Около месяца Титова предоставляла Архангельским не только кров, но и пищу, ведь Петра Ивановича выгнали со службы, а следовательно, лишили и продуктовых карточек. Но недавно новые власти осознали, что врачи нужны при любом режиме, и Архангельскому удалось устроиться простым хирургом в Александровскую больницу. Из всех былых регалий у него осталось только ученое звание профессора, которое не в силах была отнять даже революция. Ксения Михайловна сориентировалась в ситуации и тоже пошла служить — учительницей немецкого языка в Первой трудовой школе. А Титову новые власти продвинули — благодаря своему пролетарскому происхождению она стала главной сестрой Клинического института.
— А что с бароном Шварцвальдом? — не удержалась от вопроса Элеонора.
— Неизвестно, — вздохнула Александра Ивановна. — Как только заварилась вся эта каша, барона предупредили, что его вот-вот арестуют… Он уехал, даже не попрощавшись со мной и детьми. По слухам, он за границей. Но я не знаю, можно ли верить этим слухам…
На Элеонору вдруг навалилась жуткая усталость. Да, Алексей завтра уедет, но и после его отъезда она будет в безопасности, близкие не оставят ее. Только теперь можно было признаться себе самой, какими тяжелыми были последние месяцы ее жизни. Она еще теснее прислонилась к теплому плечу Петра Ивановича. Неужели прошло полтора года с тех пор, как она оставила дядю и тетю и отправилась за Воиновым на фронт? Теперь это не казалось ей таким уж благородным поступком, ведь она причинила родным немало страданий… Но дядя с тетей не держат на нее зла. Какое счастье, что она их нашла! А на Васильевском острове ее ждет Алексей… При мысли о нем девушку словно окатило теплой волной, и она не смогла удержаться от счастливой улыбки.
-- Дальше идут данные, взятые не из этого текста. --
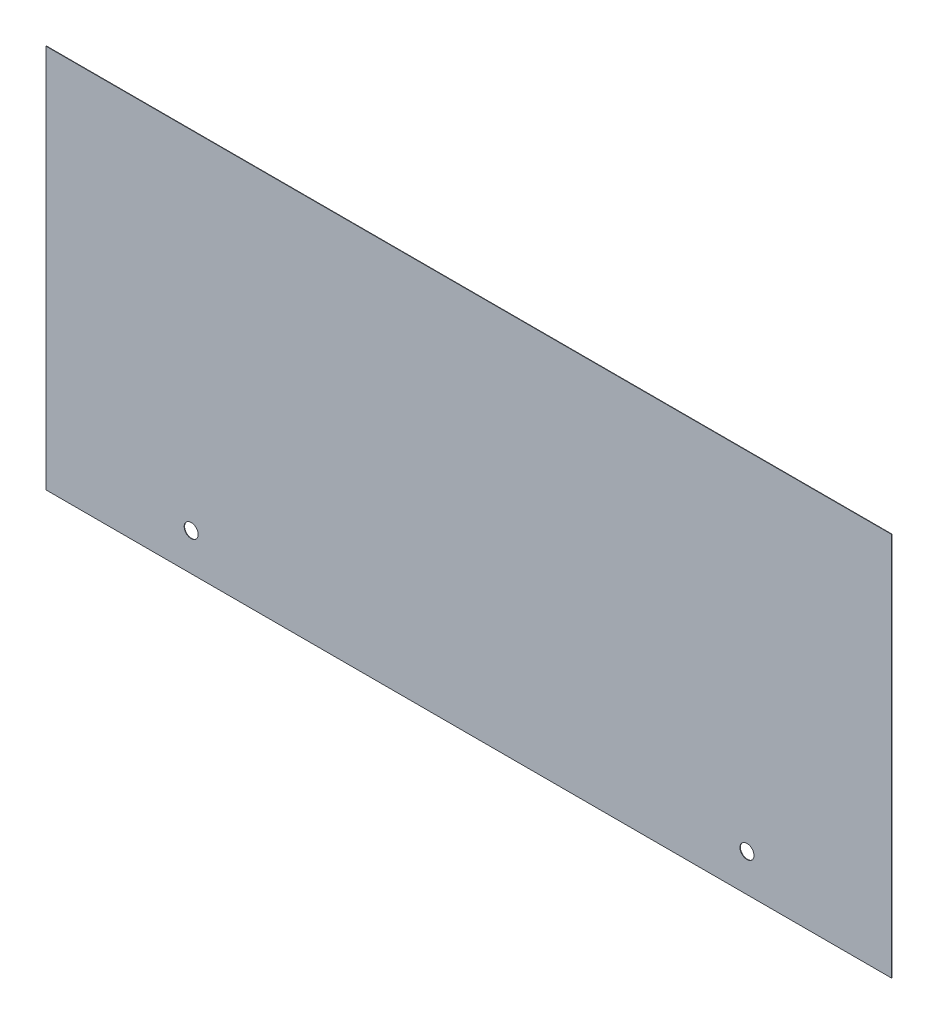
from build123d import *

# Parameters (mm, degrees)
SKETCH1_W           = 502.7676
SKETCH1_H           = 810.1076
BOSS_EXTRUDE1_DEPTH = 0.254
SKETCH2_R           = 4.1656
CUT_EXTRUDE1_DEPTH  = 1.254
SKETCH3_W           = 502.7676
SKETCH3_H           = 581.5076
CUT_EXTRUDE2_DEPTH  = 1.254


with BuildPart() as part:
    # Sketch1 → Boss-Extrude1 (new body)
    with BuildSketch(Plane.XY):
        Rectangle(SKETCH1_W, SKETCH1_H)
    extrude(amount=BOSS_EXTRUDE1_DEPTH)

    # Sketch2 → Cut-Extrude1 (cut, through all)
    with BuildSketch(Plane(origin=(0, 0, 0), x_dir=(-1, 0, 0), z_dir=(0, 0, -1))):
        with Locations((-165.481, 395.1478)):
            Circle(SKETCH2_R)
        with Locations((165.1254, 395.1478)):
            Circle(SKETCH2_R)
        with Locations((165.1254, -382.8288)):
            Circle(SKETCH2_R)
        with Locations((-165.481, -382.8288)):
            Circle(SKETCH2_R)
    extrude(amount=-CUT_EXTRUDE1_DEPTH, mode=Mode.SUBTRACT)

    # Sketch3 → Cut-Extrude2 (cut, through all)
    with BuildSketch(Plane.XY.offset(0.254)):
        with Locations((0, 114.3)):
            Rectangle(SKETCH3_W, SKETCH3_H)
    extrude(amount=-CUT_EXTRUDE2_DEPTH, mode=Mode.SUBTRACT)


solid = part.part
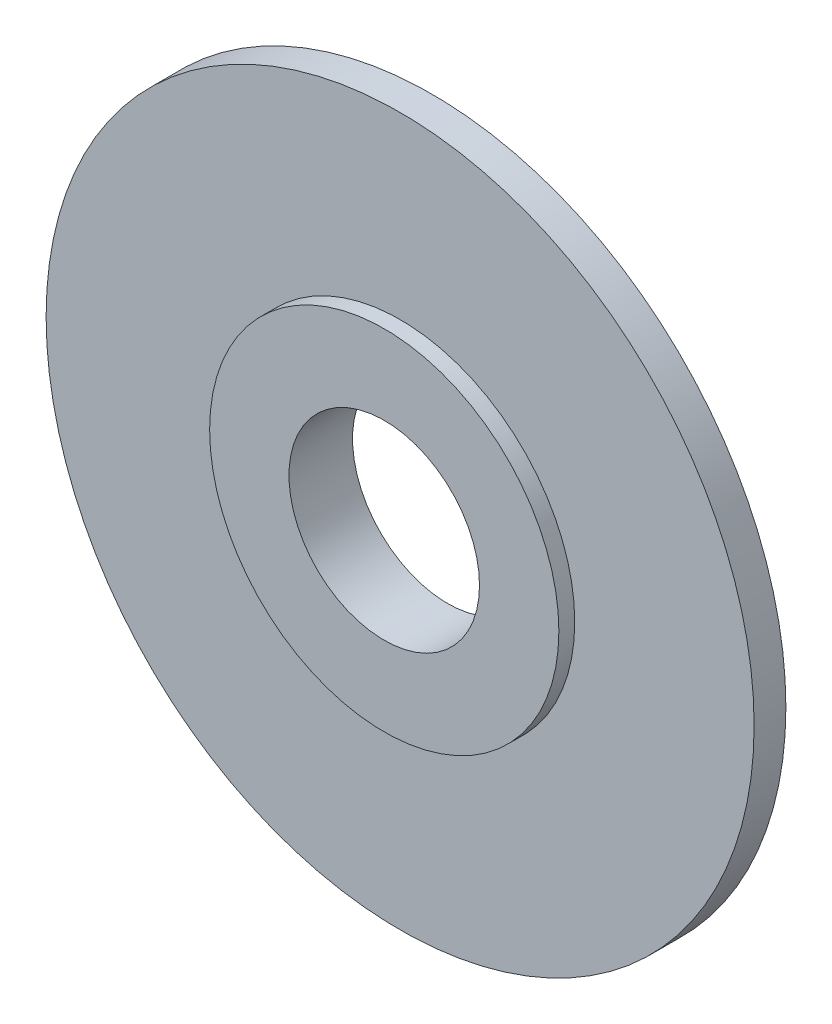
from build123d import *

# Parameters (mm, degrees)
SKETCH1_R                = 27.5
SKETCH1_R_2              = 15
BOSS_EXTRUDE1_DEPTH      = 10
SKETCH2_R                = 55.75
SKETCH2_R_2              = 27.5
BOSS_EXTRUDE2_DEPTH      = 2.5
BOSS_EXTRUDE2_DEPTH_BACK = 2.5


with BuildPart() as part:
    # Sketch1 → Boss-Extrude1 (new body)
    with BuildSketch(Plane.XY):
        Circle(SKETCH1_R)
        Circle(SKETCH1_R_2, mode=Mode.SUBTRACT)
    extrude(amount=BOSS_EXTRUDE1_DEPTH)

    # Sketch2 → Boss-Extrude2 (add, two sides)
    with BuildSketch(Plane.XY.offset(5)) as boss_extrude2_sk:
        Circle(SKETCH2_R)
        Circle(SKETCH2_R_2, mode=Mode.SUBTRACT)
    extrude(amount=BOSS_EXTRUDE2_DEPTH)
    extrude(boss_extrude2_sk.sketch, amount=-BOSS_EXTRUDE2_DEPTH_BACK)


solid = part.part
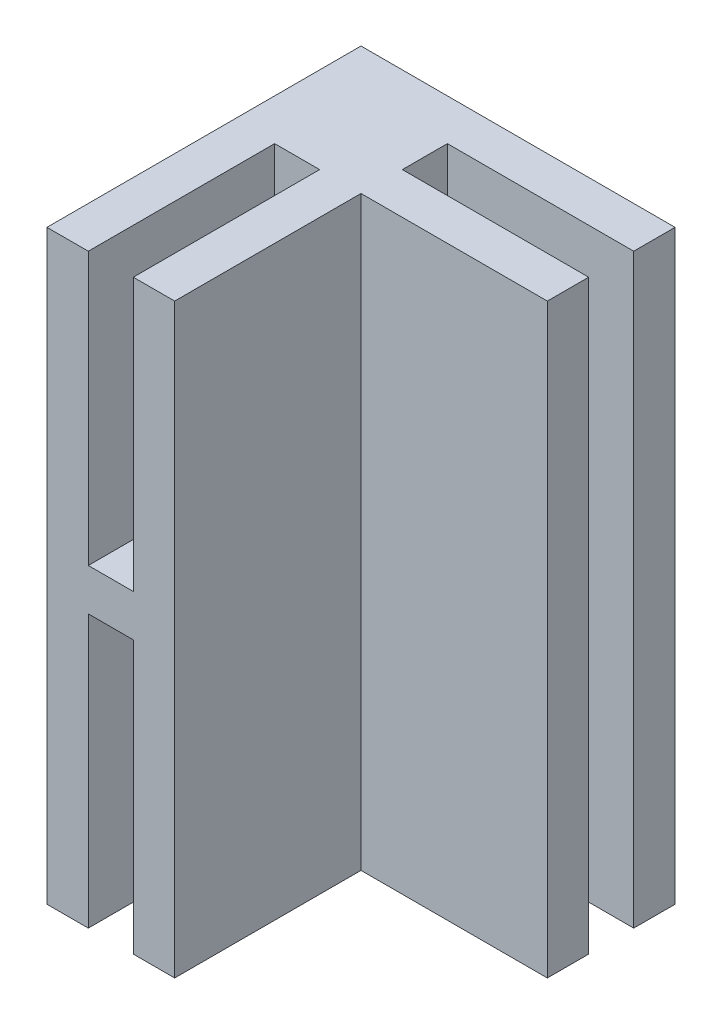
from build123d import *

# Parameters (mm, degrees)
ESQUISSE1_W             = 30
ESQUISSE1_H             = 30
BOSS_EXTRU_1_DEPTH      = 56
ESQUISSE2_W             = 17.8
ESQUISSE2_H             = 4.3
ESQUISSE2_H_2           = 17.8
ENL_V_MAT_EXTRU_1_DEPTH = 57
ESQUISSE3_W             = 4.3
ESQUISSE3_H             = 17.8
ENL_V_MAT_EXTRU_2_DEPTH = 26
ESQUISSE6_W             = 4.3
ESQUISSE6_H             = 17.8
ENL_V_MAT_EXTRU_4_DEPTH = 26


with BuildPart() as part:
    # Esquisse1 → Boss.-Extru.1 (new body)
    with BuildSketch(Plane(origin=(0, 0, 0), x_dir=(1, 0, 0), z_dir=(0, 1, 0))):
        with Locations((3.620689655, -5.615763547)):
            Rectangle(ESQUISSE1_W, ESQUISSE1_H)
    extrude(amount=BOSS_EXTRU_1_DEPTH)

    # Esquisse2 → Enlèv. mat.-Extru.1 (cut, through all)
    with BuildSketch(Plane.XZ):
        with Locations((9.720689655, -3.284236453)):
            Rectangle(ESQUISSE2_W, ESQUISSE2_H)
        with Locations((9.720689655, 11.715763547)):
            Rectangle(ESQUISSE2_W, ESQUISSE2_H_2)
    extrude(amount=-ENL_V_MAT_EXTRU_1_DEPTH, mode=Mode.SUBTRACT)

    # Esquisse3 → Enlèv. mat.-Extru.2 (cut)
    with BuildSketch(Plane.XZ):
        with Locations((-5.279310345, 11.715763547)):
            Rectangle(ESQUISSE3_W, ESQUISSE3_H)
    extrude(amount=-ENL_V_MAT_EXTRU_2_DEPTH, mode=Mode.SUBTRACT)

    # Esquisse6 → Enlèv. mat.-Extru.4 (cut)
    with BuildSketch(Plane(origin=(0, 56, 0), x_dir=(1, 0, 0), z_dir=(0, 1, 0))):
        with Locations((-5.279310345, -11.715763547)):
            Rectangle(ESQUISSE6_W, ESQUISSE6_H)
    extrude(amount=-ENL_V_MAT_EXTRU_4_DEPTH, mode=Mode.SUBTRACT)


solid = part.part
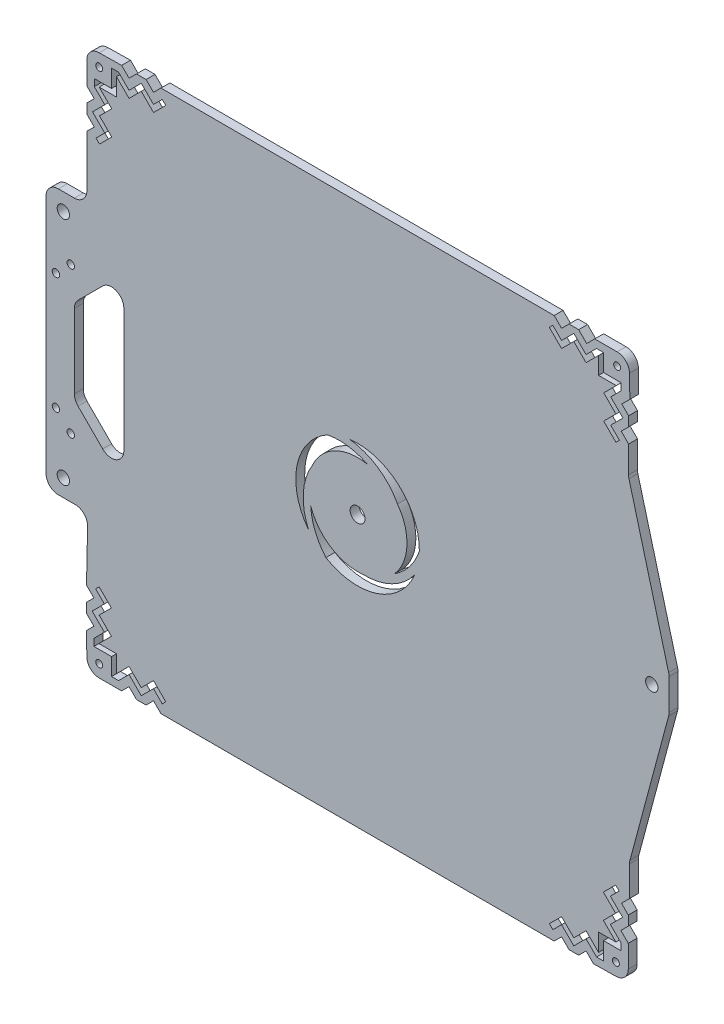
from build123d import *

# Parameters (mm, degrees)
MODEL_R             = 2.5
MODEL_R_2           = 1.4
MODEL_R_3           = 3
MODEL_R_4           = 1.5
BOSS_EXTRUDE1_DEPTH = 3.6


with BuildPart() as part:
    # Model → Boss-Extrude1 (new body)
    with BuildSketch(Plane.XY):
        with BuildLine():
            Line((-4, 125.6), (2.5, 125.6))
            ThreePointArc((2.5, 125.6), (6.035533906, 127.064466094), (7.5, 130.6))
            Line((7.5, 130.6), (7.5, 151.529437252))
            Line((7.5, 151.529437252), (10.5, 154.529437252))
            Line((10.5, 154.529437252), (7.5, 157.529437252))
            Line((7.5, 157.529437252), (7.5, 161.428932188))
            Line((7.5, 161.428932188), (10.5, 164.428932188))
            Line((10.5, 164.428932188), (7.5, 167.428932188))
            Line((7.5, 167.428932188), (7.5, 176.5))
            ThreePointArc((7.5, 176.5), (8.964466094, 180.035533906), (12.5, 181.5))
            Line((12.5, 181.5), (21.571067812, 181.642135624))
            Line((21.571067812, 181.642135624), (24.571067812, 178.642135624))
            Line((24.571067812, 178.642135624), (27.571067812, 181.642135624))
            Line((27.571067812, 181.642135624), (31.470562748, 181.642135624))
            Line((31.470562748, 181.642135624), (34.470562748, 178.642135624))
            Line((34.470562748, 178.642135624), (37.470562748, 181.642135624))
            Line((37.470562748, 181.642135624), (196.529437252, 181.5))
            Line((196.529437252, 181.5), (199.529437252, 178.5))
            Line((199.529437252, 178.5), (202.529437252, 181.5))
            Line((202.529437252, 181.5), (206.428932188, 181.5))
            Line((206.428932188, 181.5), (209.678932188, 178.25))
            Line((209.678932188, 178.25), (212.928932188, 181.5))
            Line((212.928932188, 181.5), (222, 181.5))
            ThreePointArc((222, 181.5), (225.535533906, 180.035533906), (227, 176.5))
            Line((227, 176.5), (227.142135624, 167.428932188))
            Line((227.142135624, 167.428932188), (223.892135624, 164.178932188))
            Line((223.892135624, 164.178932188), (226.642135624, 161.428932188))
            Line((226.642135624, 161.428932188), (226.642135624, 157.529437252))
            Line((226.642135624, 157.529437252), (223.642135624, 154.529437252))
            Line((223.642135624, 154.529437252), (226.642135624, 151.529437252))
            Line((226.642135624, 151.529437252), (226.618371675, 140.74062704))
            ThreePointArc((226.618371675, 140.74062704), (226.660419488, 140.082442762), (226.788730414, 139.435518602))
            Line((226.788730414, 139.435518602), (242.829629131, 79.570069589))
            ThreePointArc((242.829629131, 79.570069589), (242.957224307, 78.928605325), (243, 78.275974364))
            Line((243, 78.275974364), (243, 74))
            Line((243, 74), (243, 65.658262488))
            ThreePointArc((243, 65.658262488), (242.957224307, 65.005631527), (242.829629131, 64.364167262))
            Line((242.829629131, 64.364167262), (227.170370869, 5.923019816))
            ThreePointArc((227.170370869, 5.923019816), (227.042775693, 5.281555552), (227, 4.628924591))
            Line((227, 4.628924591), (227, -7.529437252))
            Line((227, -7.529437252), (223.75, -10.779437252))
            Line((223.75, -10.779437252), (226.5, -13.529437252))
            Line((226.5, -13.529437252), (226.5, -17.428932188))
            Line((226.5, -17.428932188), (223.5, -20.428932188))
            Line((223.5, -20.428932188), (226.5, -23.428932188))
            Line((226.5, -23.428932188), (226.5, -32.5))
            ThreePointArc((226.5, -32.5), (225.035533906, -36.035533906), (221.5, -37.5))
            Line((221.5, -37.5), (212.428932188, -37.642135624))
            Line((212.428932188, -37.642135624), (209.428932188, -34.642135624))
            Line((209.428932188, -34.642135624), (206.428932188, -37.642135624))
            Line((206.428932188, -37.642135624), (202.529437252, -37.642135624))
            Line((202.529437252, -37.642135624), (199.529437252, -34.642135624))
            Line((199.529437252, -34.642135624), (196.529437252, -37.642135624))
            Line((196.529437252, -37.642135624), (37.470562748, -37.5))
            Line((37.470562748, -37.5), (34.470562748, -34.5))
            Line((34.470562748, -34.5), (31.470562748, -37.5))
            Line((31.470562748, -37.5), (27.571067812, -37.5))
            Line((27.571067812, -37.5), (24.571067812, -34.5))
            Line((24.571067812, -34.5), (21.571067812, -37.5))
            Line((21.571067812, -37.5), (12.5, -37.5))
            ThreePointArc((12.5, -37.5), (8.964466094, -36.035533906), (7.5, -32.5))
            Line((7.5, -32.5), (7.357864376, -23.428932188))
            Line((7.357864376, -23.428932188), (10.357864376, -20.428932188))
            Line((10.357864376, -20.428932188), (7.357864376, -17.428932188))
            Line((7.357864376, -17.428932188), (7.357864376, -13.529437252))
            Line((7.357864376, -13.529437252), (10.357864376, -10.529437252))
            Line((10.357864376, -10.529437252), (7.357864376, -7.529437252))
            Line((7.357864376, -7.529437252), (7.811096687, 13.291183609))
            ThreePointArc((7.811096687, 13.291183609), (6.386080164, 16.896849871), (2.812280928, 18.4))
            Line((2.812280928, 18.4), (-4, 18.4))
            ThreePointArc((-4, 18.4), (-7.535533906, 19.864466094), (-9, 23.4))
            Line((-9, 23.4), (-9, 120.6))
            ThreePointArc((-9, 120.6), (-7.535533906, 124.135533906), (-4, 125.6))
        make_face()
        with Locations((-2, 118.6)):
            Circle(MODEL_R, mode=Mode.SUBTRACT)
        with Locations((-2, 25.4)):
            Circle(MODEL_R, mode=Mode.SUBTRACT)
        with Locations((236, 72)):
            Circle(MODEL_R, mode=Mode.SUBTRACT)
        with Locations((12.5, 176.5)):
            Circle(MODEL_R_2, mode=Mode.SUBTRACT)
        with Locations((117, 72)):
            Circle(MODEL_R_3, mode=Mode.SUBTRACT)
        with Locations((-5, 95.6)):
            Circle(MODEL_R_4, mode=Mode.SUBTRACT)
        with Locations((1, 101.6)):
            Circle(MODEL_R_4, mode=Mode.SUBTRACT)
        with Locations((12.5, -32.5)):
            Circle(MODEL_R_2, mode=Mode.SUBTRACT)
        with Locations((221.5, -32.5)):
            Circle(MODEL_R_2, mode=Mode.SUBTRACT)
        with Locations((222, 176.5)):
            Circle(MODEL_R_2, mode=Mode.SUBTRACT)
        with Locations((-5, 48.4)):
            Circle(MODEL_R_4, mode=Mode.SUBTRACT)
        with Locations((1, 42.4)):
            Circle(MODEL_R_4, mode=Mode.SUBTRACT)
        with BuildLine():
            Line((3.922835534, 90.535533906), (13.922835534, 100.535533906))
            ThreePointArc((13.922835534, 100.535533906), (19.371786601, 101.619397663), (22.45836944, 97))
            Line((22.45836944, 97), (22.45836944, 47))
            ThreePointArc((22.45836944, 47), (19.371786601, 42.380602337), (13.922835534, 43.464466094))
            Line((13.922835534, 43.464466094), (3.922835534, 53.464466094))
            ThreePointArc((3.922835534, 53.464466094), (2.838971777, 55.086582838), (2.45836944, 57))
            Line((2.45836944, 57), (2.45836944, 87))
            ThreePointArc((2.45836944, 87), (2.838971777, 88.913417162), (3.922835534, 90.535533906))
        make_face(mode=Mode.SUBTRACT)
        Polygon((14.742640687, 154.529437252), (9.792893219, 159.47918472), (14.742640687, 164.428932188), (10.5, 168.671572875), (10.5, 171.5), (17.5, 171.5), (17.5, 178.642135624), (20.328427125, 178.642135624), (24.571067812, 174.399494937), (29.52081528, 179.349242405), (34.470562748, 174.399494937), (38.006096654, 177.935028843), (39.420310217, 176.52081528), (34.470562748, 171.571067812), (29.52081528, 176.52081528), (24.571067812, 171.571067812), (19.5, 176.642135624), (19.5, 169.5), (12.5, 169.5), (17.571067812, 164.428932188), (12.621320344, 159.47918472), (17.571067812, 154.529437252), (12.621320344, 149.579689783), (11.207106781, 150.993903346), align=None, mode=Mode.SUBTRACT)
        Polygon((34.470562748, -30.257359313), (29.52081528, -35.207106781), (24.571067812, -30.257359313), (20.328427125, -34.5), (17.5, -34.5), (17.5, -27.5), (10.357864376, -27.5), (10.357864376, -24.671572875), (14.600505063, -20.428932188), (9.650757595, -15.47918472), (14.600505063, -10.529437252), (11.064971157, -6.993903346), (12.47918472, -5.579689783), (17.428932188, -10.529437252), (12.47918472, -15.47918472), (17.428932188, -20.428932188), (12.357864376, -25.5), (19.5, -25.5), (19.5, -32.5), (24.571067812, -27.428932188), (29.52081528, -32.378679656), (34.470562748, -27.428932188), (39.420310217, -32.378679656), (38.006096654, -33.792893219), align=None, mode=Mode.SUBTRACT)
        Polygon((219.257359313, -10.529437252), (224.207106781, -15.47918472), (219.257359313, -20.428932188), (223.5, -24.671572875), (223.5, -27.5), (216.5, -27.5), (216.5, -34.642135624), (213.671572875, -34.642135624), (209.428932188, -30.399494937), (204.47918472, -35.349242405), (199.529437252, -30.399494937), (195.993903346, -33.935028843), (194.579689783, -32.52081528), (199.529437252, -27.571067812), (204.47918472, -32.52081528), (209.428932188, -27.571067812), (214.5, -32.642135624), (214.5, -25.5), (221.5, -25.5), (216.428932188, -20.428932188), (221.378679656, -15.47918472), (216.428932188, -10.529437252), (221.378679656, -5.579689783), (222.792893219, -6.993903346), align=None, mode=Mode.SUBTRACT)
        Polygon((199.529437252, 174.257359313), (204.47918472, 179.207106781), (209.428932188, 174.257359313), (213.671572875, 178.5), (216.5, 178.5), (216.5, 171.5), (223.642135624, 171.5), (223.642135624, 168.671572875), (219.399494937, 164.428932188), (224.349242405, 159.47918472), (219.399494937, 154.529437252), (222.935028843, 150.993903346), (221.52081528, 149.579689783), (216.571067812, 154.529437252), (221.52081528, 159.47918472), (216.571067812, 164.428932188), (221.642135624, 169.5), (214.5, 169.5), (214.5, 176.5), (209.428932188, 171.428932188), (204.47918472, 176.378679656), (199.529437252, 171.428932188), (194.579689783, 176.378679656), (195.993903346, 177.792893219), align=None, mode=Mode.SUBTRACT)
        with BuildLine():
            ThreePointArc((98.730744919, 80.138446951), (95.052641959, 68.621519903), (97.208949685, 56.725369811))
            ThreePointArc((97.208949685, 56.725369811), (92.508782682, 77.017995045), (104.810701222, 93.827070241))
            ThreePointArc((104.810701222, 93.827070241), (113.080779509, 94.070068861), (120.977277613, 91.600542411))
            ThreePointArc((120.977277613, 91.600542411), (107.839756386, 89.778918329), (98.730744919, 80.138446951))
        make_face(mode=Mode.SUBTRACT)
        with BuildLine():
            ThreePointArc((98.036793538, 65.644152246), (99.846369949, 57.570821061), (104.19185207, 50.530222484))
            ThreePointArc((104.19185207, 50.530222484), (124.899897474, 48.28098611), (140.123742935, 62.497762754))
            ThreePointArc((140.123742935, 62.497762754), (130.899528611, 54.682270439), (119.086525733, 52.109137516))
            ThreePointArc((119.086525733, 52.109137516), (106.183126883, 55.177537161), (98.036793538, 65.644152246))
        make_face(mode=Mode.SUBTRACT)
        with BuildLine():
            ThreePointArc((131.985928849, 58.755305344), (138.072850542, 64.359110078), (141.997446708, 71.642707275))
            ThreePointArc((141.997446708, 71.642707275), (133.591319844, 90.701018845), (113.66730738, 96.776867435))
            ThreePointArc((113.66730738, 96.776867435), (125.04782943, 92.696209658), (133.182729348, 83.752415533))
            ThreePointArc((133.182729348, 83.752415533), (136.977116731, 71.04354451), (131.985928849, 58.755305344))
        make_face(mode=Mode.SUBTRACT)
    extrude(amount=BOSS_EXTRUDE1_DEPTH)


solid = part.part

Господи, да разве она могла мечтать, что все так удачно сложится?
Из другой комнаты вышли дети Александры Ивановны, и Элеонора поразилась, как они выросли. Она будто впервые видела Ванечку и Сонечку. Дети всегда были красивыми, а теперь стали еще лучше, лишения последнего времени никак не отразились на их внешности. От избытка чувств Элеонора расцеловала обоих.
Тут подоспела сама Титова с кипятком и нехитрым угощением. Сухари, селедка, а Элеоноре и детям полагалось еще и по тарелке пшенной каши.
— Какое блаженство! — сказала Элеонора.
— Ешь на здоровье!
— Но все же я никак не пойму, почему Петра Ивановича уволили из Клинического института? — спросила она, с аппетитом доедая кашу. — Разве сами комиссары умеют оперировать? Или им удалось отменить болезни каким-нибудь строгим декретом?
— Знаешь, — задумчиво сказала Александра Ивановна, — люди действительно стали меньше болеть, как это ни странно. Наверное, нынешняя жизнь так тяжела, что всем стало не до болячек. Конечно, теперь своя специфика: туберкулез, солдатики с фронта поступают. Я ведь всю статистику института изучаю по заболеваниям… Так вот, аппендицитов, холециститов почти совсем нет.